Figure 2. SequenceL is, according to its advocates, a logical evolutionary progression in programmable language abstraction, intended to address the increased parallelization needs of multi-core CPUs.
Norton and Waugh provided a detailed case study of SequenceL's claimed capabilities, an m-by-n matrix denoted AB, which is the multiplied product of an m-by-p matrix A and a p-by-n matrix B. Figure 3 shows Java code that implements the matrix multiply function.
Figure 3. A matrix multiplication function implemented in Java results in source code that's difficult to write and read.
Figure 4 presents that same function as more compactly implemented in SequenceL.
Figure 4. That same matrix multiplication coded in SequenceL is much more compact and, its developers claim, easier for programmers to understand.
And how do SequenceL performance results on matrix multiplication compare to those derived from a more mainstream programming language, such as sequentially coded (i.e. worst case, from a parallelization standpoint) C++? Quite well, if TMT's claims are to be believed (Figure 5).
Figure 5. Matrix multiplication performance, says Texas Multicore Technologies, scales smoothly with core count when coded in SequenceL.
Norton and Waugh also provided data indicating the degree of speedup possible with SequenceL, proportional to core count and across a variety of particularly parallel processing-friendly algorithms (Figure 6).

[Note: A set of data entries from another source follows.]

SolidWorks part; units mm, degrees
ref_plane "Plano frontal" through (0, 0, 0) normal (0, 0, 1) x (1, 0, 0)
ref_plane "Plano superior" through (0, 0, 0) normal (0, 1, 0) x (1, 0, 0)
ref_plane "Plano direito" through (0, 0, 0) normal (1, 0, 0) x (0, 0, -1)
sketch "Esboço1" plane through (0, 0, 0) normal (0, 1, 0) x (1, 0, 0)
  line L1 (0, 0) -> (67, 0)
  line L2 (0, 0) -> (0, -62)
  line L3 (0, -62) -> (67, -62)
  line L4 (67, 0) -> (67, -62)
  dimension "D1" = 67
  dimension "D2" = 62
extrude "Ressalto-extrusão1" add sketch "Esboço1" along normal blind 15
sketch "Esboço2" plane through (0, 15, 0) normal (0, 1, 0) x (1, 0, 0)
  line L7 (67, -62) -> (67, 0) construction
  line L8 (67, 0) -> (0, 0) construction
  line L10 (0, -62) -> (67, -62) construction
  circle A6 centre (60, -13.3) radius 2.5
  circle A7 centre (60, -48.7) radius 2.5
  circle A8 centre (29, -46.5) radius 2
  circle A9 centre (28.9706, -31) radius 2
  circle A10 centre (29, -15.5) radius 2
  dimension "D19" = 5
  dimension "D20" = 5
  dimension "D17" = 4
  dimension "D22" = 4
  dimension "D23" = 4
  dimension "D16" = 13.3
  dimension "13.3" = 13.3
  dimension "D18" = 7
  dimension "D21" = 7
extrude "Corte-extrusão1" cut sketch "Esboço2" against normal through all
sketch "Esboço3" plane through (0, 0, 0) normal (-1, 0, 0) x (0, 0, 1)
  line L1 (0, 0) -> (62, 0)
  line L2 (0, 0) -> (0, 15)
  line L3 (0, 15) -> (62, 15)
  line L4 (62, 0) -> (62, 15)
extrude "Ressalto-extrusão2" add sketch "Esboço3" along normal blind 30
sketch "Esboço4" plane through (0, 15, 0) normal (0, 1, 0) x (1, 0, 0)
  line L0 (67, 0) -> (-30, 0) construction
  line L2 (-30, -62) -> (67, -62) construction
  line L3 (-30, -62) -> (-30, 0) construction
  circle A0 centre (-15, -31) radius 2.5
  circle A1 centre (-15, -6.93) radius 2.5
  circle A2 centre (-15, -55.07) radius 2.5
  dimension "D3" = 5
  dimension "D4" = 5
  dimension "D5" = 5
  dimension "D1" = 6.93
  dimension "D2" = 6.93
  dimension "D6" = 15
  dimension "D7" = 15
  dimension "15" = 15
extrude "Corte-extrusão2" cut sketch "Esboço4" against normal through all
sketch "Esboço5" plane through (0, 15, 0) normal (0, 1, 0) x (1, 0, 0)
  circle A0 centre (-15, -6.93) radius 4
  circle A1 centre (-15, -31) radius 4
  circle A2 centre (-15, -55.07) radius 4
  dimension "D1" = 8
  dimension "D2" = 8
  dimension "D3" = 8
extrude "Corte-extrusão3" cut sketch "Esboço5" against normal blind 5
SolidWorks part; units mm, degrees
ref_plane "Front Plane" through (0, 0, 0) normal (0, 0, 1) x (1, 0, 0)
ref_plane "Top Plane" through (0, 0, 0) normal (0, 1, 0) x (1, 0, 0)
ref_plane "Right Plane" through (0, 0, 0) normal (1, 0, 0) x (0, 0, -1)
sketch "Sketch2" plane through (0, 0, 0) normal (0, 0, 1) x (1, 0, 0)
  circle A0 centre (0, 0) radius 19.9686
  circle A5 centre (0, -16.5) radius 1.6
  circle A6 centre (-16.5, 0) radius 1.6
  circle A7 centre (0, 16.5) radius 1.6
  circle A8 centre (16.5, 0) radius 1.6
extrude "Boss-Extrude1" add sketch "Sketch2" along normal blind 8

The "Game of Life" that they reference, for those of you who may not already be familiar with it, is not the Milton Bradley-marketed board game. Instead, it's a mathematical algorithm exercise, which Wikipedia defines as "a cellular automaton devised by the British mathematician John Horton Conway in 1970. The "game" is a zero-player game, meaning that its evolution is determined by its initial state, requiring no further input. One interacts with the Game of Life by creating an initial configuration and observing how it evolves or, for advanced players, by creating patterns with particular properties."
Figure 6. Other common algorithms can also respond well to SequenceL's parallelization efforts.
There’s no doubt that mainstream programming languages are not great for writing parallel programs. Sequential languages like C and C++ make it difficult for compilers to find parallelization opportunities in code. Programming languages designed to expose parallelism, like SequenceL, are a much approach from a technical perspective. But convincing developers to adopt a new programming language is very challenging. And convincing engineering managers to adopt a language that is controlled by a single small company will also be a real challenge for TMT. Ultimately the success of SequenceL may require that TMT enlist larger partners – such as chip and tool suppliers – to more fully support it than is currently the case.